# EXERCISE DETAILS
Find the line with "#77=LINE('',#76,#75);" in the records below. Copy it and every line after it, up to and including the line with "#101=LINE('',#100,#99);".

# Records from a data collection
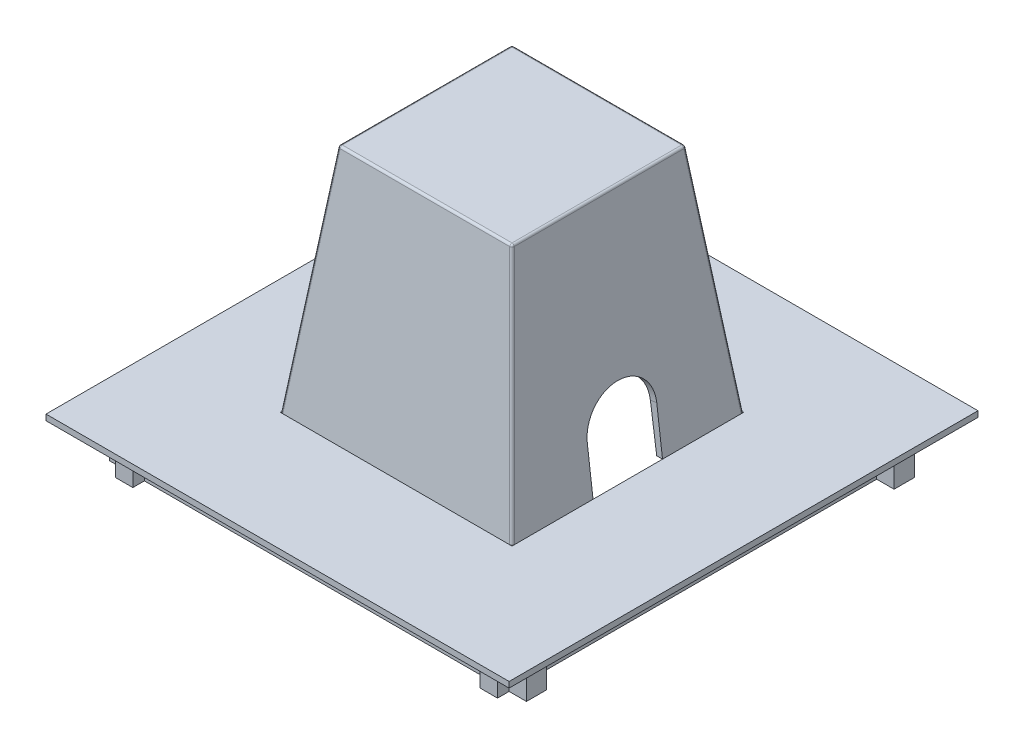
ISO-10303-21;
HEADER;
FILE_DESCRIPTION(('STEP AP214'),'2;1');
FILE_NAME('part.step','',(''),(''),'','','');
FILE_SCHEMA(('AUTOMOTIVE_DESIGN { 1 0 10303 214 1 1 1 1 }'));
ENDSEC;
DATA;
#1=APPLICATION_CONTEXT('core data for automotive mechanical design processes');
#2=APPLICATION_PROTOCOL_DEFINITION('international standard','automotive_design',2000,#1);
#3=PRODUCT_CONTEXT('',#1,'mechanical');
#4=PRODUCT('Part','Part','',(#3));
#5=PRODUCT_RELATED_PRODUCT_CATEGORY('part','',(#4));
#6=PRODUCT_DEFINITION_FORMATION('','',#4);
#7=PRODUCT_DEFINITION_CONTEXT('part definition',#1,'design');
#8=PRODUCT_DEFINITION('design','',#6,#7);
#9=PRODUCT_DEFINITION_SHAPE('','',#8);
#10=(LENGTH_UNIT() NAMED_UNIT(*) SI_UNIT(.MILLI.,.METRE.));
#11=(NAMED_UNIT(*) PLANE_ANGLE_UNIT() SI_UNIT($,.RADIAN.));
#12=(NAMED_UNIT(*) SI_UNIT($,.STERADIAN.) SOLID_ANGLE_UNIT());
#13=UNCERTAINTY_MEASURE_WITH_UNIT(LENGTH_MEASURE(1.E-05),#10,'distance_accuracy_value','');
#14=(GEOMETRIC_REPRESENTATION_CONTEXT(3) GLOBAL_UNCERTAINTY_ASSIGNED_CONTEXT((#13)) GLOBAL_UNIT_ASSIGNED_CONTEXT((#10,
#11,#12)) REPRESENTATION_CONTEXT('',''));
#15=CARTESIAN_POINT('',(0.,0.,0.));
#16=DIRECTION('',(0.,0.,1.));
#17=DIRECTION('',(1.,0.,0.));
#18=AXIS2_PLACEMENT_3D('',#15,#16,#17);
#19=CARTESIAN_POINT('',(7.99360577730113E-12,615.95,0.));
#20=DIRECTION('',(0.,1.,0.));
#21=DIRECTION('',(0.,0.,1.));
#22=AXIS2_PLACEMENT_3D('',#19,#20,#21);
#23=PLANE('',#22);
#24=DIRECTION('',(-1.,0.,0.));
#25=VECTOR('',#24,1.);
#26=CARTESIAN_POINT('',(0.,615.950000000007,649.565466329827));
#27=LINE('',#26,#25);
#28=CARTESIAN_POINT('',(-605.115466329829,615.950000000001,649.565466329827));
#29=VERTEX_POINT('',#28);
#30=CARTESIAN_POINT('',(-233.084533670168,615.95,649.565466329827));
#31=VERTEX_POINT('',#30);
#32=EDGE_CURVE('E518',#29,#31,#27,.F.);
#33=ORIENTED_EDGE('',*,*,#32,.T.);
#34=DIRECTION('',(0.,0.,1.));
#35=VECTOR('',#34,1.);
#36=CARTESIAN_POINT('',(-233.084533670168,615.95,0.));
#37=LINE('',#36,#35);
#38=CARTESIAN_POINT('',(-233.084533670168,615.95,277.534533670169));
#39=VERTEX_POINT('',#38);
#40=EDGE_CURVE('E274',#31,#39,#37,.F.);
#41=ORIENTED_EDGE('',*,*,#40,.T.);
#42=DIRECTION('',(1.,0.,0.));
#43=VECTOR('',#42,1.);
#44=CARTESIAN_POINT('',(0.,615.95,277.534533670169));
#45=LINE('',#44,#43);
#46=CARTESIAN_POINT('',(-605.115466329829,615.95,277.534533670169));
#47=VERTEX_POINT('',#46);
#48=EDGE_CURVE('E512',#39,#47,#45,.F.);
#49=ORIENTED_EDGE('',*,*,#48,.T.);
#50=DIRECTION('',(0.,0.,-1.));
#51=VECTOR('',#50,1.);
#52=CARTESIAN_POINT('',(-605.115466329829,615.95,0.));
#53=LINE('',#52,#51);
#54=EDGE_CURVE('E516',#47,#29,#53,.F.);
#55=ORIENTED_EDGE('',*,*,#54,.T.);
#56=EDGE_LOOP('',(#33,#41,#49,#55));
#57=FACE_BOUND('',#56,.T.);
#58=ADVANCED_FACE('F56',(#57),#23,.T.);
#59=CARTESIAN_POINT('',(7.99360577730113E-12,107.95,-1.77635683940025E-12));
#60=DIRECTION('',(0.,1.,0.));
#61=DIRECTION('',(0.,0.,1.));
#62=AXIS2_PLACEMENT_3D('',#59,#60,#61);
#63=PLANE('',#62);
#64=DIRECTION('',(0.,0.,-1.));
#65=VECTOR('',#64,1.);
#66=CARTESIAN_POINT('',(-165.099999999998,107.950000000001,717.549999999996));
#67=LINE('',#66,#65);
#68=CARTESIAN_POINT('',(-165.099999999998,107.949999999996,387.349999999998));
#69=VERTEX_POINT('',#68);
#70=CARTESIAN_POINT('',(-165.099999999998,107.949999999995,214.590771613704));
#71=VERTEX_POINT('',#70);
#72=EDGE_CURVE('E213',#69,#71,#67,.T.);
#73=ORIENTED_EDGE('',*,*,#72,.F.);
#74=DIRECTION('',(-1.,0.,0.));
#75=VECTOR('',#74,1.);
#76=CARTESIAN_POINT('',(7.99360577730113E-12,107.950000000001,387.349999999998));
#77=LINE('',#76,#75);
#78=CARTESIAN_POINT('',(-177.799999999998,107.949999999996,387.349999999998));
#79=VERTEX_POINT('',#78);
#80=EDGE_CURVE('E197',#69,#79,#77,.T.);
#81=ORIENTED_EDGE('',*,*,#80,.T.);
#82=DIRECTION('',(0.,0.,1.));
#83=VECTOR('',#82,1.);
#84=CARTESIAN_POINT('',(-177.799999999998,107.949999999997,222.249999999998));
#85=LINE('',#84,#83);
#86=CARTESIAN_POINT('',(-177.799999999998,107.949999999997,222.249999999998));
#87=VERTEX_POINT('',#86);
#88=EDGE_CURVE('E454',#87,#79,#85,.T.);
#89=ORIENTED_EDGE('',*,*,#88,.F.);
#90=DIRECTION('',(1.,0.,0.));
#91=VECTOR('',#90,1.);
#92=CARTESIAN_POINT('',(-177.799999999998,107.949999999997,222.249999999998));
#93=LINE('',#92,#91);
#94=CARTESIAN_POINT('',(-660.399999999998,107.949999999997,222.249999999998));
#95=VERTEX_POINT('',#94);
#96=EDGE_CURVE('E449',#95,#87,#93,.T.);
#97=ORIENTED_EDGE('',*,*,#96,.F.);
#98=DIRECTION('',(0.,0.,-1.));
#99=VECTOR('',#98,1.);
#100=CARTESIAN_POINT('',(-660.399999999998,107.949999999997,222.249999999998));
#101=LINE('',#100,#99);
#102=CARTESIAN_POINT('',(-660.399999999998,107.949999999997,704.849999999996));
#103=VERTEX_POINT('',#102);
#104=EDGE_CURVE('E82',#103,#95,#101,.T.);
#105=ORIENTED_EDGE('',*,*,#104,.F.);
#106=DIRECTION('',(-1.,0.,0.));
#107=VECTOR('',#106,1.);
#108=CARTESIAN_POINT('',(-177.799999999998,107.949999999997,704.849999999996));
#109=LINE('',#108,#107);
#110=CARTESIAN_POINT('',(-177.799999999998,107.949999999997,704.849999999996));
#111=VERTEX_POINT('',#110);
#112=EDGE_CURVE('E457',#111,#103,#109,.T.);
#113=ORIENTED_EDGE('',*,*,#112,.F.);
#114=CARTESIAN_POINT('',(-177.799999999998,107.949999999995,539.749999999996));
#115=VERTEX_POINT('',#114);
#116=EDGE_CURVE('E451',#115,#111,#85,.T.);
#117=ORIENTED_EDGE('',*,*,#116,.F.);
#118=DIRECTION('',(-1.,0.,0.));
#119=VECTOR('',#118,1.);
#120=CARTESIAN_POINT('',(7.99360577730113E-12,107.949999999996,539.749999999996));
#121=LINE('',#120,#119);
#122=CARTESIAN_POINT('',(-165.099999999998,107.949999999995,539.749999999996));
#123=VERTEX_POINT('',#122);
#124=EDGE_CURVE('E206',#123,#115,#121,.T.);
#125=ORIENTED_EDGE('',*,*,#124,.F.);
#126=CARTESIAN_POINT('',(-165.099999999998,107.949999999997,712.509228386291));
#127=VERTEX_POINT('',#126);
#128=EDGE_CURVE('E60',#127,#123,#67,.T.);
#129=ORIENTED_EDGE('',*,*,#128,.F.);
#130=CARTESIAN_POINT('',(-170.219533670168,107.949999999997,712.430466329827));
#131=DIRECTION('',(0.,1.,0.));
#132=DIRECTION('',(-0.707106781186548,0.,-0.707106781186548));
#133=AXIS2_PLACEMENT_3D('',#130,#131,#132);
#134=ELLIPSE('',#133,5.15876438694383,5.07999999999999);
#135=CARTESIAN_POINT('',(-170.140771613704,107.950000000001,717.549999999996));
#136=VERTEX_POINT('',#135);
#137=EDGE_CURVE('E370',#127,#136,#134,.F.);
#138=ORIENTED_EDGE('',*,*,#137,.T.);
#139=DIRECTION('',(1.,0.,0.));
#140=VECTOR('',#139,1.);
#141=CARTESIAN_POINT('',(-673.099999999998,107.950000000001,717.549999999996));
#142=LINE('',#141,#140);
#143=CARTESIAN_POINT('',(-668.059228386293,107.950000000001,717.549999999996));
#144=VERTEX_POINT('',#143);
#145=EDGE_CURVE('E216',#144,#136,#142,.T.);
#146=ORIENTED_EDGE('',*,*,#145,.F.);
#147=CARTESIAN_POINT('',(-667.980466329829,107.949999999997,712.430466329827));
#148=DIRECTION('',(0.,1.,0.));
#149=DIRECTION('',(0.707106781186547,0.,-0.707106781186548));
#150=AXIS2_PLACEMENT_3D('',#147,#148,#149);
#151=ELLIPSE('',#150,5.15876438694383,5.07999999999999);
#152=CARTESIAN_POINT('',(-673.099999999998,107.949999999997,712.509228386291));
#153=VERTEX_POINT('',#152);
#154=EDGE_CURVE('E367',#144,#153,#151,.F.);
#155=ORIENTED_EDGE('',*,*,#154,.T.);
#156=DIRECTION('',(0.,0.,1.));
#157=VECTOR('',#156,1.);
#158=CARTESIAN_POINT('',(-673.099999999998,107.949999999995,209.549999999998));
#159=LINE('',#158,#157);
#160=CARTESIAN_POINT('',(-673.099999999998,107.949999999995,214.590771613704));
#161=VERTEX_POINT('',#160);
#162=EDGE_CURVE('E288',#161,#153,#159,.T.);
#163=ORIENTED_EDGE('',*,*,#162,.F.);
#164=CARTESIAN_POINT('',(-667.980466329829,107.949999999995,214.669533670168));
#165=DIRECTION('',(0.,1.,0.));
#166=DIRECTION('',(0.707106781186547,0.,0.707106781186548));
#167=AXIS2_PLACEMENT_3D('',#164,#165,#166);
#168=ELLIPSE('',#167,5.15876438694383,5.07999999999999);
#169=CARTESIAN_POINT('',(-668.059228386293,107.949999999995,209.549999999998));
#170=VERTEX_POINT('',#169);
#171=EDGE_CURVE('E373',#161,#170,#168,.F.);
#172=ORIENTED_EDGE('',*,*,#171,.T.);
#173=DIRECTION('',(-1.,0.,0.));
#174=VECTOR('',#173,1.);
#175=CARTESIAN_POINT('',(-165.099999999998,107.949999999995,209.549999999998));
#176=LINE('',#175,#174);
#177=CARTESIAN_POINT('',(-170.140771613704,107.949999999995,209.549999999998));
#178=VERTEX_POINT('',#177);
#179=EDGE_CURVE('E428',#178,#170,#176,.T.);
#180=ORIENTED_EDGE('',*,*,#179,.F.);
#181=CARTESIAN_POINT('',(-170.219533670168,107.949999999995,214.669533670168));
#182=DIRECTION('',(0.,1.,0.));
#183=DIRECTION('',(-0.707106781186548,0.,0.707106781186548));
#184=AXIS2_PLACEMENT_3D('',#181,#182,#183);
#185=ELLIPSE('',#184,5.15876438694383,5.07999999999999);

# TASK OUTPUT
#77=LINE('',#76,#75);
#78=CARTESIAN_POINT('',(-177.799999999998,107.949999999996,387.349999999998));
#79=VERTEX_POINT('',#78);
#80=EDGE_CURVE('E197',#69,#79,#77,.T.);
#81=ORIENTED_EDGE('',*,*,#80,.T.);
#82=DIRECTION('',(0.,0.,1.));
#83=VECTOR('',#82,1.);
#84=CARTESIAN_POINT('',(-177.799999999998,107.949999999997,222.249999999998));
#85=LINE('',#84,#83);
#86=CARTESIAN_POINT('',(-177.799999999998,107.949999999997,222.249999999998));
#87=VERTEX_POINT('',#86);
#88=EDGE_CURVE('E454',#87,#79,#85,.T.);
#89=ORIENTED_EDGE('',*,*,#88,.F.);
#90=DIRECTION('',(1.,0.,0.));
#91=VECTOR('',#90,1.);
#92=CARTESIAN_POINT('',(-177.799999999998,107.949999999997,222.249999999998));
#93=LINE('',#92,#91);
#94=CARTESIAN_POINT('',(-660.399999999998,107.949999999997,222.249999999998));
#95=VERTEX_POINT('',#94);
#96=EDGE_CURVE('E449',#95,#87,#93,.T.);
#97=ORIENTED_EDGE('',*,*,#96,.F.);
#98=DIRECTION('',(0.,0.,-1.));
#99=VECTOR('',#98,1.);
#100=CARTESIAN_POINT('',(-660.399999999998,107.949999999997,222.249999999998));
#101=LINE('',#100,#99);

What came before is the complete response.